__Exercise details__. Within the listing below, please copy exactly the lines between the line holding "Terminator : Terminator" and the line holding "u_b/1 -> Mux1/2", inclusive.

*** Opening of Information given ***

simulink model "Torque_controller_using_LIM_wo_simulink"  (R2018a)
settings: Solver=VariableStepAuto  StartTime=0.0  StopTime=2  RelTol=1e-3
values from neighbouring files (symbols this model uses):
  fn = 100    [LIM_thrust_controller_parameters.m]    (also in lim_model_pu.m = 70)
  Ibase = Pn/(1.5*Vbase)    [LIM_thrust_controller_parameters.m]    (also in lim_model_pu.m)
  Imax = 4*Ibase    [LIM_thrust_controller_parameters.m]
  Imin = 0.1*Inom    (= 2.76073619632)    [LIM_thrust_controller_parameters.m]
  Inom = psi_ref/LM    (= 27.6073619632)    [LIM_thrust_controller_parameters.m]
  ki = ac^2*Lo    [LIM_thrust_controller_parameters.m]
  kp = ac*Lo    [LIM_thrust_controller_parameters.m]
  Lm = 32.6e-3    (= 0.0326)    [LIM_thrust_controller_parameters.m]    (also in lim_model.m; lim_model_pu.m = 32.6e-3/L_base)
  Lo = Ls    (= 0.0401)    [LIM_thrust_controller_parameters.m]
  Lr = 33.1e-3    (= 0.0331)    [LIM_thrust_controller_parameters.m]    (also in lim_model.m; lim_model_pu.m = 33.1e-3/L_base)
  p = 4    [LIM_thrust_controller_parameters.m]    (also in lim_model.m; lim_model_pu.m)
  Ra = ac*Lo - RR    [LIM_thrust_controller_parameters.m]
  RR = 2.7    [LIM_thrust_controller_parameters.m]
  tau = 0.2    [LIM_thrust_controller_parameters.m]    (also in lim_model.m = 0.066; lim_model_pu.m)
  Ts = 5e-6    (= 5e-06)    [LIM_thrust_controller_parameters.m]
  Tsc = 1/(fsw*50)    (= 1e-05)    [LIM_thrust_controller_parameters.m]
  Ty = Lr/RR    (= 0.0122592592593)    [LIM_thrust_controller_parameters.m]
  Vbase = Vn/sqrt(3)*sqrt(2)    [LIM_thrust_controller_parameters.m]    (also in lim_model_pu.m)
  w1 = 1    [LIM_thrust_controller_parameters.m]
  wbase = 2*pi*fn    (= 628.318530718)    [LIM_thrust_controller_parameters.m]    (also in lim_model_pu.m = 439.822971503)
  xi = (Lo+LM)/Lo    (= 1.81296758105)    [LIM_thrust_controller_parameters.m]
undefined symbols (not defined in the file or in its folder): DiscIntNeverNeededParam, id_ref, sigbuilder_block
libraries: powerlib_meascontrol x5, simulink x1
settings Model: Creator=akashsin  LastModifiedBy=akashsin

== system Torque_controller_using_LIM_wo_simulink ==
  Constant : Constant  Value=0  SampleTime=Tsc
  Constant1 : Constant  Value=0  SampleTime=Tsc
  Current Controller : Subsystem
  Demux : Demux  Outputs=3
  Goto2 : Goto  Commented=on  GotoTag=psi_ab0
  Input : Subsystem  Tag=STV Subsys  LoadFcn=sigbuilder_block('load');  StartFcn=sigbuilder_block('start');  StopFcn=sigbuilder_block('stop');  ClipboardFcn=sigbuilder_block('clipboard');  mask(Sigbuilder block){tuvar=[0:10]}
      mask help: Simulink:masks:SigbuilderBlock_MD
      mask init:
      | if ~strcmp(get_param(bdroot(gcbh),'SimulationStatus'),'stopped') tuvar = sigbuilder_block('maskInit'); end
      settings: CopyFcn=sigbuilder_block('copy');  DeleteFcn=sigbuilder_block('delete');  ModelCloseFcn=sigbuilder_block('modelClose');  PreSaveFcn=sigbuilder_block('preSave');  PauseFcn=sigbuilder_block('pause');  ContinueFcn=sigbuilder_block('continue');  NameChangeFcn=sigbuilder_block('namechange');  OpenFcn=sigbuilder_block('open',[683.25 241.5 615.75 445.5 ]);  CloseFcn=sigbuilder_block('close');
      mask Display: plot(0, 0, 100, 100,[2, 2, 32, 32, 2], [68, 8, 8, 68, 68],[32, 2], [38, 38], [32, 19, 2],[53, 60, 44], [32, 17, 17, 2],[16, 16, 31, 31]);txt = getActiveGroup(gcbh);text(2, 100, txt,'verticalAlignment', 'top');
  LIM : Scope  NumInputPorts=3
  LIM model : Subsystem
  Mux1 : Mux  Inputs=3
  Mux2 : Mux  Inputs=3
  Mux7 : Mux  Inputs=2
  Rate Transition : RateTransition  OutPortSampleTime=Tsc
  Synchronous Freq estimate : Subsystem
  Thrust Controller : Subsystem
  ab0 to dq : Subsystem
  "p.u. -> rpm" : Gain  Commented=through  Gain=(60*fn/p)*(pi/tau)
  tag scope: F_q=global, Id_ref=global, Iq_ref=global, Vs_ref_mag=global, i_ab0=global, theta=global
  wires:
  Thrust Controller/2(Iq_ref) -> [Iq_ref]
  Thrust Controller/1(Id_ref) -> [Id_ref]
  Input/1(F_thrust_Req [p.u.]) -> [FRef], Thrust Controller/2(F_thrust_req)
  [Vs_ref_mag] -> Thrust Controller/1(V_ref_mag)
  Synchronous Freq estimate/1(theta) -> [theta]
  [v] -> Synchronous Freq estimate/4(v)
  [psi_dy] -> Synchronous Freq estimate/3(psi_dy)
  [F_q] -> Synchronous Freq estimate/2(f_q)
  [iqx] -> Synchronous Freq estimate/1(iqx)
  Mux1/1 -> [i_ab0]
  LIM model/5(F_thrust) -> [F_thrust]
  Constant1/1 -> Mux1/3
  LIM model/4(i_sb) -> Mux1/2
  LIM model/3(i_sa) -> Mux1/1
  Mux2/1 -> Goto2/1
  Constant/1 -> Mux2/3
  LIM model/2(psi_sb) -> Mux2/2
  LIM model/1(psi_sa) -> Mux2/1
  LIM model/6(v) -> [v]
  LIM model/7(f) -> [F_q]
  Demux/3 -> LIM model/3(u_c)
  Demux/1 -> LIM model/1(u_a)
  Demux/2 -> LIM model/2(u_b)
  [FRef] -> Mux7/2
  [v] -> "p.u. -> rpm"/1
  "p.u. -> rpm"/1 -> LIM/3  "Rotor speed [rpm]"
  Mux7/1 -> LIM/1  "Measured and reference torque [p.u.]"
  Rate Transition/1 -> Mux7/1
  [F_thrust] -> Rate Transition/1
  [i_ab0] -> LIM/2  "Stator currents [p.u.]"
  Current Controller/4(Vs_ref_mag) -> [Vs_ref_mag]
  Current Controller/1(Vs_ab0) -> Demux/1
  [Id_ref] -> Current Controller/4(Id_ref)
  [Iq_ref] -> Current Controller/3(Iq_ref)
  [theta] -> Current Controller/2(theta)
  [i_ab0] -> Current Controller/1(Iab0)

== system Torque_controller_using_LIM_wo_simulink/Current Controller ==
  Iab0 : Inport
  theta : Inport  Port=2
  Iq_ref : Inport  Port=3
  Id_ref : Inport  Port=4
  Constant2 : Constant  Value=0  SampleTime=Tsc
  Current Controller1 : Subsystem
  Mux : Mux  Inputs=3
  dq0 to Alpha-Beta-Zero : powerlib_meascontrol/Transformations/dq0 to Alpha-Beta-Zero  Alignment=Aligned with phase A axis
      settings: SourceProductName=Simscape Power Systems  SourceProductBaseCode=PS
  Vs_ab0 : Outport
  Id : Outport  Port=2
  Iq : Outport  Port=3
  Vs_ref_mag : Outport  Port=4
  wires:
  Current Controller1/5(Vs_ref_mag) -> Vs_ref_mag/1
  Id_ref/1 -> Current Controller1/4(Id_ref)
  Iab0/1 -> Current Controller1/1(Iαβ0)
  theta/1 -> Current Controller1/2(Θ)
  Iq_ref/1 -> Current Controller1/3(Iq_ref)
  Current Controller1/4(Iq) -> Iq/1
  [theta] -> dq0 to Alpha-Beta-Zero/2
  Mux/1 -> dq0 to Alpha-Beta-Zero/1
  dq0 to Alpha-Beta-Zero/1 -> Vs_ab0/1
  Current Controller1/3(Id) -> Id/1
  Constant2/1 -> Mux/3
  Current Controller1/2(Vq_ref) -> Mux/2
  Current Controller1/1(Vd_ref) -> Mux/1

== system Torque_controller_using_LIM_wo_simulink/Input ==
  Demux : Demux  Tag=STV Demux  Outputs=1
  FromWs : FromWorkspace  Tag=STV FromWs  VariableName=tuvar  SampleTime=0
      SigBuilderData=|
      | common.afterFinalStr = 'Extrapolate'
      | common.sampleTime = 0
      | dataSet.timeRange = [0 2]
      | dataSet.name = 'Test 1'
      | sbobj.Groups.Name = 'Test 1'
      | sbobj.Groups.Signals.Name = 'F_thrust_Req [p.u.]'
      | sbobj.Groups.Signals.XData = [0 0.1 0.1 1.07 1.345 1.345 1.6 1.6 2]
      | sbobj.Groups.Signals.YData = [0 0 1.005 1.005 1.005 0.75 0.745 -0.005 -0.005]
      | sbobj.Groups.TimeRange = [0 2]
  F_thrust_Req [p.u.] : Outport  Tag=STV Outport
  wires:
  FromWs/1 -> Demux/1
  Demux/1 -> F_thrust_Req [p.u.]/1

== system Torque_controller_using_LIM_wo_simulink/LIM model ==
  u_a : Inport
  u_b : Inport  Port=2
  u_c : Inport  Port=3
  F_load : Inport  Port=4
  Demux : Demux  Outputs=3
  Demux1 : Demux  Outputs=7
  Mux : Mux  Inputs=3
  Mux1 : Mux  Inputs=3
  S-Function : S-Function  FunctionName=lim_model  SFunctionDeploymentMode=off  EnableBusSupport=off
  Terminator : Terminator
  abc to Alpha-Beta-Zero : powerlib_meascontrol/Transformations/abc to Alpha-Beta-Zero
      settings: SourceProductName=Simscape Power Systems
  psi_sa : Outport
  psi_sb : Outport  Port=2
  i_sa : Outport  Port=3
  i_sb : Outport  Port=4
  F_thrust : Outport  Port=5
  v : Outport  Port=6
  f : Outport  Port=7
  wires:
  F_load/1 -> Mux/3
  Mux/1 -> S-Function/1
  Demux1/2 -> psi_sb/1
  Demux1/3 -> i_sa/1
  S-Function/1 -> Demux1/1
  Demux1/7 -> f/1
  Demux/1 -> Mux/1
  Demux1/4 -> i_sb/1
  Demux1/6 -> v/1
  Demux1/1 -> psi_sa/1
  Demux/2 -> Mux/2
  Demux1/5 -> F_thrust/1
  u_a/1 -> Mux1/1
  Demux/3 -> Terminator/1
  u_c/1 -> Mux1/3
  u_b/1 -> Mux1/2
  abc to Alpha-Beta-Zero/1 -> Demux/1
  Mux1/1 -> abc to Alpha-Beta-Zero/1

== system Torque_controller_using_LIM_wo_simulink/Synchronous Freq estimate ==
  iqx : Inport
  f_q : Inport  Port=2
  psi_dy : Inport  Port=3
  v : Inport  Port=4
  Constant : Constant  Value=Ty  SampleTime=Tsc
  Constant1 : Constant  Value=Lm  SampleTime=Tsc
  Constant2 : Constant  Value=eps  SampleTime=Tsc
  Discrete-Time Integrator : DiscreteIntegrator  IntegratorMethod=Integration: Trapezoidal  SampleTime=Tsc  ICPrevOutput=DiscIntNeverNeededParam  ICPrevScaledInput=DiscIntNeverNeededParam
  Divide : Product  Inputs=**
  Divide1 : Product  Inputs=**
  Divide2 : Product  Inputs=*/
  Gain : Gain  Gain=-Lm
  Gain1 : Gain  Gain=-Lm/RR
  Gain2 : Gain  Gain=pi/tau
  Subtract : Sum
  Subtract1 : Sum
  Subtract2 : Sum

*** Close of Information given ***

__Exercise answer__.
  Terminator : Terminator
  abc to Alpha-Beta-Zero : powerlib_meascontrol/Transformations/abc to Alpha-Beta-Zero
      settings: SourceProductName=Simscape Power Systems
  psi_sa : Outport
  psi_sb : Outport  Port=2
  i_sa : Outport  Port=3
  i_sb : Outport  Port=4
  F_thrust : Outport  Port=5
  v : Outport  Port=6
  f : Outport  Port=7
  wires:
  F_load/1 -> Mux/3
  Mux/1 -> S-Function/1
  Demux1/2 -> psi_sb/1
  Demux1/3 -> i_sa/1
  S-Function/1 -> Demux1/1
  Demux1/7 -> f/1
  Demux/1 -> Mux/1
  Demux1/4 -> i_sb/1
  Demux1/6 -> v/1
  Demux1/1 -> psi_sa/1
  Demux/2 -> Mux/2
  Demux1/5 -> F_thrust/1
  u_a/1 -> Mux1/1
  Demux/3 -> Terminator/1
  u_c/1 -> Mux1/3
  u_b/1 -> Mux1/2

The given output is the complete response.